Make sure you don't forget to release the connection with using - if you don't dispose of the directory entries they hang around forever until the pool runs out and your app breaks.
using (DirectoryEntry de = new DirectoryEntry ("LDAP://CN=server,DC=domain,DC=com","admin","password",AuthenticationTypes.Secure))
{
...
}
Depending ont he directory server configuration, you might actually need to use the System.DirectoryServices.Protocols namespace. I wrote up a post on connecting to OpenLDAP with it.
http://mikemstech.blogspot.com/2013/03/searching-non-microsoft-ldap.html
If the external LDAP require authentication with DN try this: first retrieve the DN of user, then try the authentication with DN and user credentials.
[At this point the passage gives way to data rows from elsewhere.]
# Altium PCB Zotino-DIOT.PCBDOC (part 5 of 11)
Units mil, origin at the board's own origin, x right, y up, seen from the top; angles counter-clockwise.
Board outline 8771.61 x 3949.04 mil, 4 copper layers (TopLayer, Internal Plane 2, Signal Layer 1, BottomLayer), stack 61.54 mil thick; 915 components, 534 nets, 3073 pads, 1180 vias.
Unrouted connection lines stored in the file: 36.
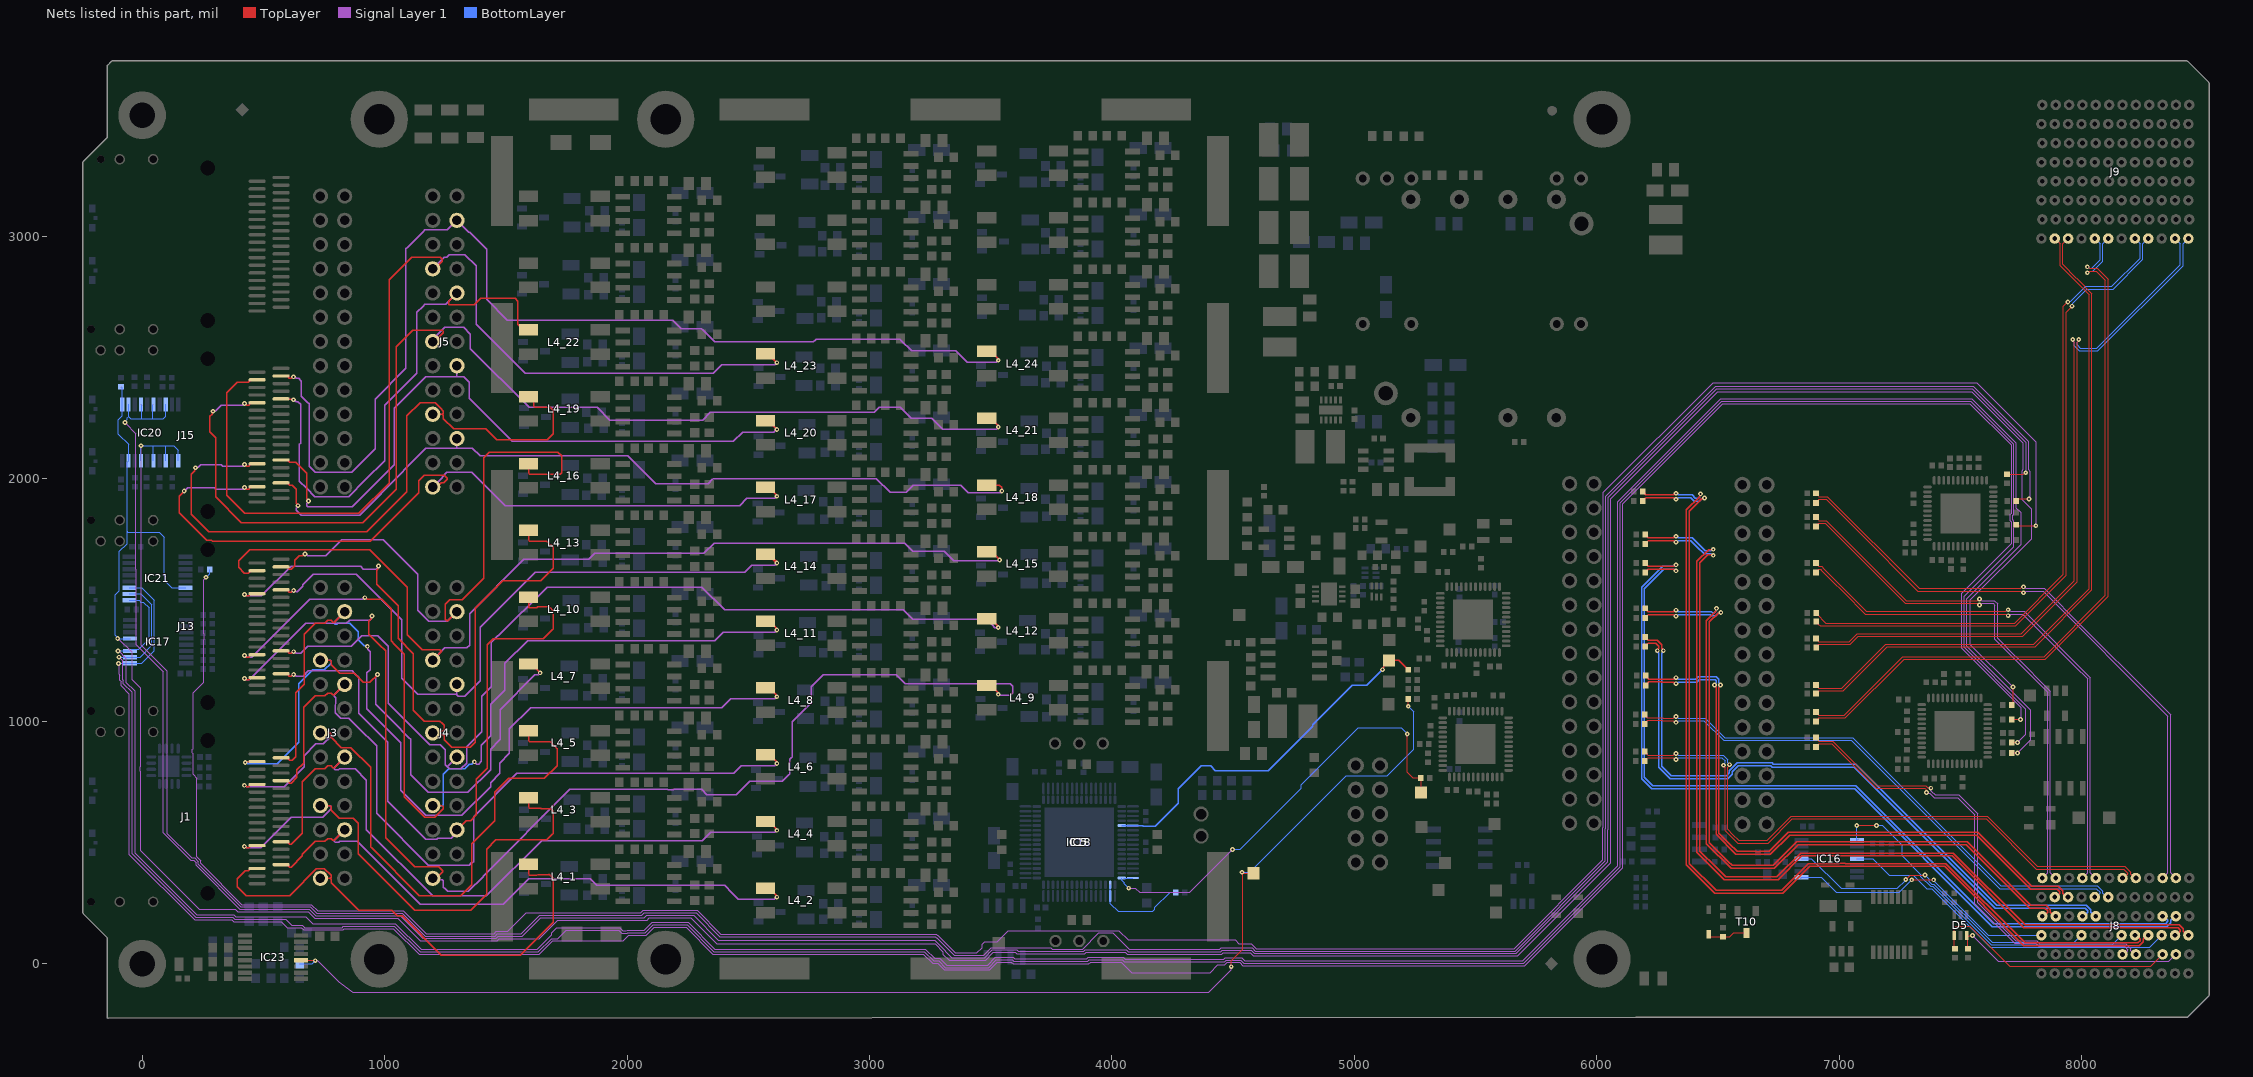
[diagram p6: the nets of this part, all layers, seen from the top]

## Via types
v1: diameter 19.68, hole 7.87, TopLayer to BottomLayer, tented both sides, 1050 vias
v2: diameter 23.62, hole 11.81, TopLayer to BottomLayer, tented both sides, 56 vias
v3: diameter 23.62, hole 11.81, TopLayer to BottomLayer, 28 vias
v4: diameter 39.37, hole 23.62, TopLayer to BottomLayer, tented both sides, 28 vias
v5: diameter 39.37, hole 19.68, TopLayer to BottomLayer, tented both sides, 7 vias
v6: diameter 19.68, hole 7.87, TopLayer to BottomLayer, tented bottom, 7 vias
v7: diameter 19.68, hole 7.87, TopLayer to BottomLayer, 4 vias

## Nets (pads, with @x,y where several pads share a name; then routed paths per layer and width w, separated by ;. In a path a pad name is that pad's centre, name@x,y a point inside that pad or via, vN(x,y) a via of type N, cw(c..) or ccw(c..) an arc to the next point about the centre after c; other vN are vias at no path point) (continued)
AFE_SPI_EN: IC17.5 IC20.1 IC20.19 IC21.6 R84.1 R125.1 | length 13784.3
  TopLayer w5: R125.1@7711.42,1066.93 7716.99,1072.5 v1(7716.99,1142.18)
  Signal Layer 1 w5: v1(-101.14,1341.54) -98.51,1341.54 -43.31,1286.34 -43.31,1173.23 -7.87,1137.8 -7.87,813.26 -10.39,810.74 -10.39,796.37 -7.87,793.85 -7.87,468.5 236.22,224.41 383.5,224.41 393.5,214.41 685.56,214.41 712.8,187.17 1053.82,187.17 1146.35,94.63 1464,94.63 1473.18,103.81 1637.03,103.81 1713.56,180.34 2082.33,180.34 2092.46,190.47 2263.11,190.47 2370.8,82.78 3270.85,82.78 3302.93,50.7 3302.93,40.41 3328.69,14.65 3479.05,14.65 3511.43,47.04 3601.53,47.04 3607.63,40.93 3887.38,40.93 3893.48,47.04 4054.6,47.04 4062.51,39.13 4452.73,39.13 4459.14,45.53 4570.01,45.53 4582.95,32.59 5673.12,32.59 6056.85,416.32 6056.85,550.94 6057.56,551.65 6057.56,1918.84 6499.2,2360.48 7546.48,2360.48 7758.12,2148.85 7758.12,2038.55 7752.19,2032.63 7752.19,1917.1 7791.34,1877.95 7791.34,1751.06 7539.37,1499.1 7539.37,1318.9 7716.08,1142.18 v1(7716.99,1142.18)
  BottomLayer w5: R84.1@-87.6,2381.1 -81.69,2375.2 IC20.1@-81.69,2307.09 -81.69,2260.83 -98.43,2244.09 -98.43,2185.36 -56.1,2143.04 IC20.19@-56.1,2074.8 -62.46,2068.44 -62.46,1783.46 ; IC17.5@-50.2,1341.54 -101.38,1341.54 -101.38,1344.37 -112.11,1355.1 -112.11,1521.83 -94.37,1539.57 -94.37,1700.79 -62.46,1732.7 -62.46,1783.46 ; IC21.6@179.13,1551.18 122.05,1551.18 94.49,1578.74 94.49,1598.43 93.18,1599.74 93.18,1600.48 91.22,1602.43 91.22,1759.17 70.87,1779.53 -58.52,1779.53 -62.46,1783.46
AFE_SPI_MISO: R91.2 R107.1 | length 11520.7
  TopLayer w5: R107.1@7731.1,1811.02 7735.04,1807.09 v1(7811.02,1807.09)
  Signal Layer 1 w5: v1(263.78,1594.61) 263.78,1593.71 251.97,1581.9 251.97,1363.52 254.8,1360.69 254.8,1337.21 251.97,1334.38 251.97,1160.11 209.97,1118.11 209.97,888.04 207.07,885.14 207.07,870.77 209.97,867.86 209.97,782.01 226,765.97 226,440.98 242.07,424.92 242.07,413.81 411.46,244.41 697.99,244.41 723.21,219.18 1077.33,219.18 1171.88,124.63 1451.58,124.63 1460.76,133.81 1508.26,133.81 1584.79,210.34 2056.8,210.34 2066.93,220.47 2288.64,220.47 2387.06,122.05 3274.49,122.05 3279.7,116.83 3282.04,116.83 3354.22,44.65 3442.88,44.65 3464.7,66.48 3464.7,81.52 3474.86,91.68 3527.79,91.68 3573.06,136.96 3825.66,136.96 3825.81,137.11 4028.24,137.11 4066.93,98.43 4507.87,98.43 4523.71,82.59 4575.38,82.59 4595.38,62.59 5658.68,62.59 6025.43,429.34 6025.43,561.95 6027.56,564.07 6027.56,1944.88 6480.32,2397.64 7566.93,2397.64 7811.02,2153.54 v1(7811.02,1807.09)
  BottomLayer w5: v1(263.78,1594.61) 263.91,1594.61 278.35,1609.06 R91.2@278.35,1625.98
AFE_SPI_MOSI: IC20.11 IC20.13 IC20.15 IC20.17 R104.1 | length 12322.2
  TopLayer w5: R104.1@7731.1,1909.45 7738.98,1917.32 v1(7783.46,1917.32)
  Signal Layer 1 w5: v1(-4.92,2136.81) -4.92,1467.97 -5.08,1467.81 -5.08,1452.99 -4.92,1452.84 -4.92,1315.94 102.36,1208.66 102.36,539.37 204.94,436.79 216.05,436.79 232.07,420.77 232.07,409.67 407.32,234.41 693.84,234.41 719.07,209.18 1073.19,209.18 1167.74,114.63 1455.72,114.63 1464.9,123.81 1563.16,123.81 1639.69,200.34 2060.94,200.34 2071.07,210.47 2284.5,210.47 2382.92,112.05 3270.35,112.05 3275.56,106.83 3277.9,106.83 3350.08,34.65 3470.76,34.65 3503.14,67.04 3747.67,67.04 3753.77,60.93 3879.09,60.93 3945.27,127.11 4002.81,127.11 4070.79,59.13 4444.45,59.13 4450.85,65.53 4578.29,65.53 4591.23,52.59 5662.82,52.59 6035.43,425.2 6035.43,557.8 6037.56,559.93 6037.56,1929.13 6490.33,2381.9 7553.35,2381.9 7779.54,2155.71 7779.54,2039.97 7786.88,2032.63 7786.88,1920.74 v1(7783.46,1917.32)
  BottomLayer w5: IC20.17@-4.92,2074.8 v1(-4.92,2136.81) 46.75,2136.81 ; IC20.15@46.26,2074.8 46.26,2136.32 46.75,2136.81 ; IC20.13@97.44,2074.8 97.44,2135.83 98.43,2136.81 ; IC20.11@148.62,2074.8 148.62,2119.09 130.91,2136.81 98.43,2136.81 ; 46.75,2136.81 98.43,2136.81
AFE_SPI_SCLK: IC20.2 IC20.4 IC20.6 IC20.8 R100.1 | length 12324.9
  TopLayer w5: R100.1@7692.91,2018.5 7758.62,2018.5 7765.56,2025.44 v1(7769.54,2025.44)
  Signal Layer 1 w5: v1(-70.87,2232.28) -25.81,2187.22 -25.81,1626.61 -27.56,1624.86 -27.56,1318.9 86.61,1204.72 86.61,540.98 200.8,426.79 211.91,426.79 222.07,416.63 222.07,405.52 403.18,224.41 689.7,224.41 714.93,199.18 1063.5,199.18 1158.05,104.63 1459.86,104.63 1469.04,113.81 1567.31,113.81 1643.83,190.34 2070.63,190.34 2080.76,200.47 2274.81,200.47 2377.16,98.13 3269.64,98.13 3312.93,54.84 3312.93,52.11 3340.39,24.65 3474.9,24.65 3507.29,57.04 3607.68,57.04 3613.78,50.93 3883.23,50.93 3889.34,57.04 4058.74,57.04 4066.65,49.13 4448.59,49.13 4454.99,55.53 4574.15,55.53 4587.09,42.59 5666.97,42.59 6045.43,421.05 6045.43,553.66 6047.56,555.79 6047.56,1924.99 6494.47,2371.9 7549.21,2371.9 7769.54,2151.57 v1(7769.54,2025.44)
  BottomLayer w5: v1(-70.87,2232.28) -70.87,2236.26 -60.99,2246.14 -60.99,2252.01 -56.1,2256.89 ; IC20.2@-56.1,2307.09 -56.1,2256.89 ; IC20.4@-4.92,2307.09 -1.97,2304.13 -1.97,2248.03 ; IC20.6@46.26,2307.09 43.31,2304.13 43.31,2248.03 ; IC20.8@97.44,2307.09 97.44,2258.86 86.61,2248.03 43.31,2248.03 ; -56.1,2256.89 -47.24,2248.03 -1.97,2248.03 ; -1.97,2248.03 43.31,2248.03
AFE_SPI_SEL0: IC17.1 IC21.11 R128.1 | length 12695.4
  TopLayer w5: R128.1@7711.42,1007.87 v1(7748.03,1007.87)
  Signal Layer 1 w5: v1(-97.44,1239.17) -97.44,1195.85 -91.67,1190.08 -91.67,1169.33 -87.17,1164.82 -87.17,1150.33 -87.26,1150.23 -87.26,1146.32 -55.12,1114.17 -55.12,452.76 216.54,181.1 370.23,181.1 376.93,174.41 573.62,174.41 598.52,149.52 655.6,149.52 665.6,139.52 828.49,139.52 833.79,144.82 1036.28,144.82 1141.97,39.13 1638.79,39.13 1693.86,94.19 1984,94.19 2007.92,118.11 2079.98,118.11 2112.34,150.47 2243.23,150.47 2353.26,40.44 3221.71,40.44 3260.12,2.03 3281.44,2.03 3308.81,-25.35 3495.61,-25.35 3528,7.04 3584.96,7.04 3592.18,-0.18 3904.79,-0.18 3912.01,7.04 4038.03,7.04 4081.33,-36.26 4404.68,-36.26 4436.14,-4.81 4465.36,-4.81 4475.7,5.53 4526.87,5.53 4539.81,-7.41 5703.06,-7.41 6106.31,395.84 6106.31,1897.65 6519.68,2311.02 7539.37,2311.02 7708.66,2141.73 7708.66,1857.17 7702.97,1851.48 7702.97,1828.83 7708.66,1823.14 7708.66,1732.28 7503.62,1527.24 7503.62,1302.74 7748.03,1058.33 v1(7748.03,1007.87)
  BottomLayer w5: v1(-97.44,1239.17) IC17.1@-50.2,1239.17 -1.97,1239.17 49.61,1290.75 49.61,1499.61 -1.97,1551.18 IC21.11@-53.15,1551.18
AFE_SPI_SEL1: IC17.2 IC21.10 R131.1 | length 12736
  TopLayer w5: R131.1@7711.42,913.39 v1(7735,913.39)
  Signal Layer 1 w5: v1(-95.47,1264.76) -80.1,1249.39 -80.1,1171.9 -77.17,1168.97 -77.17,1155.91 -43.31,1122.05 -43.31,456.69 220.47,192.91 372.57,192.91 381.07,184.41 591.18,184.41 616.07,159.52 659.75,159.52 669.75,149.52 824.35,149.52 829.65,154.82 1040.42,154.82 1146.12,49.13 1634.65,49.13 1689.71,104.19 1714.75,104.19 1749.43,138.88 1965.45,138.88 1978.67,125.66 2001.33,125.66 2003.78,128.11 2075.83,128.11 2108.2,160.47 2247.37,160.47 2357.4,50.44 3225.85,50.44 3264.27,12.03 3285.58,12.03 3312.95,-15.35 3491.47,-15.35 3523.85,17.04 3589.1,17.04 3595.2,10.93 3899.8,10.93 3905.9,17.04 4042.18,17.04 4050.08,9.13 4465.16,9.13 4471.56,15.53 4531.01,15.53 4543.96,2.59 5698.91,2.59 6096.31,399.98 6096.31,1901.79 6515.54,2321.02 7543.51,2321.02 7718.66,2145.87 7718.66,1853.03 7712.97,1847.34 7712.97,1832.97 7718.66,1827.29 7718.66,1718.66 7513.62,1513.62 7513.62,1306.88 7767.72,1052.79 7767.72,944.88 7736.22,913.39 v1(7735,913.39)
  BottomLayer w5: v1(-95.47,1264.76) IC17.2@-50.2,1264.76 -8.86,1264.76 39.61,1313.23 39.61,1480.08 -5.91,1525.59 IC21.10@-53.15,1525.59
AFE_SPI_SEL2: IC17.3 IC21.9 R135.1 | length 12776.3
  TopLayer w5: R135.1@7711.42,870.08 v1(7735,870.08)
  Signal Layer 1 w5: v1(-99.41,1290.35) -96.54,1290.35 -66.93,1260.75 -66.93,1161.42 -31.5,1125.98 -31.5,459.02 224.61,202.91 376.71,202.91 385.21,194.41 673.9,194.41 702.96,165.35 1044.78,165.35 1151.01,59.13 1629.76,59.13 1690.22,119.59 1690.22,128.72 1710.38,148.88 1969.59,148.88 1982.82,135.66 1997.18,135.66 2000.17,138.64 2071.47,138.64 2103.3,170.47 2252.26,170.47 2361.77,60.97 3229.46,60.97 3268.41,22.03 3290.47,22.03 3317.85,-5.35 3487.33,-5.35 3519.71,27.04 3593.24,27.04 3599.34,20.93 3895.66,20.93 3901.76,27.04 4046.32,27.04 4054.22,19.13 4461.02,19.13 4467.42,25.53 4535.15,25.53 4548.1,12.59 5694.77,12.59 6086.31,404.12 6086.31,1905.93 6511.4,2331.02 7547.65,2331.02 7728.66,2150.02 7728.66,1881.57 7748.03,1862.2 7748.03,1728.35 7523.62,1503.94 7523.62,1311.02 7787.4,1047.24 7787.4,921.26 7736.22,870.08 v1(7735,870.08)
  BottomLayer w5: v1(-99.41,1290.35) IC17.3@-50.2,1290.35 -43.84,1296.71 -14.29,1296.71 29.61,1340.61 29.61,1467.81 5.14,1492.28 -5.08,1492.28 -12.8,1500 IC21.9@-53.15,1500
BGA0: IC16.4 J8.C3 | length 1428.2
  BottomLayer w5: IC16.4@7073.34,433.37 7137.49,433.37 7205.85,365.02 7305.26,365.02 7361.16,309.11 7381.83,309.11 7622.45,68.49 8280.88,68.49 J8.C3@8330.03,117.65
BGA1: IC16.1 J8.F3 | length 1412.8
  TopLayer w5: v1(7072.55,570.87) v1(7153.54,570.87)
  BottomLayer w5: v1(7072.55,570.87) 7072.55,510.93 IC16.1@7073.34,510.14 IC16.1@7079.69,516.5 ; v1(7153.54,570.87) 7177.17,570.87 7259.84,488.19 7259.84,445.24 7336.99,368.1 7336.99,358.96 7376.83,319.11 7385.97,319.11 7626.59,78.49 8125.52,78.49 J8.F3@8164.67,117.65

I've tested it on Domino LDAP.
// Autheticate in external LDAP
string ldapserver = "10.1.1.1:389";
string ldapbasedn = "o=mycompany";
string ldapuser = "cn=Administrator,o=mycompany";
string ldappassword = "adminpassword";
string ldapfilter = "(&(objectclass=person)(cn={0}))";
string user = "usertest";
string password = "userpassword";
try
{
string DN = "";
using (DirectoryEntry entry = new DirectoryEntry("LDAP://" + ldapserver + "/" + ldapbasedn, ldapuser, ldappassword, AuthenticationTypes.None))
{
DirectorySearcher ds = new DirectorySearcher(entry);
ds.SearchScope = SearchScope.Subtree;
ds.Filter = string.Format(ldapfilter, user);
SearchResult result = ds.FindOne();
if (result != null )
{
DN = result.Path.Replace("LDAP://" + ldapserver + "/" , "");
}
}
// try logon
using (DirectoryEntry entry = new DirectoryEntry("LDAP://" + ldapserver + "/" + ldapbasedn, DN, password, AuthenticationTypes.None))
{
DirectorySearcher ds = new DirectorySearcher(entry);
ds.SearchScope = SearchScope.Subtree;
SearchResult result = ds.FindOne();
}
} catch (Exception) { }
I am trying to connect to an edirectory 8.8 server running LDAP. How would I go about doing that in .Net? Can I still use the classes in System.DirectoryService such as DirectoryEntry and DirectorySearcher or are they AD specific?
We are using System.DirectoryServices for Microsoft Active Directory, OpenLDAP running on Linux and eDirectiry without any problem. So the answer is yes, you can use these classes to access eDir.
Do I need to specify the "Connection String" any differently?
Yes you are. When passing to DirectoryEntry a string starting with "LDAP://" you need to conform to the LDAP syntax which is very different than URI syntax.
I recommend you to use an LDAP browser (google it, there are many free downloads) in order to get the correct path to the root object otherwise you will spend time on trying to figure out the correct object types.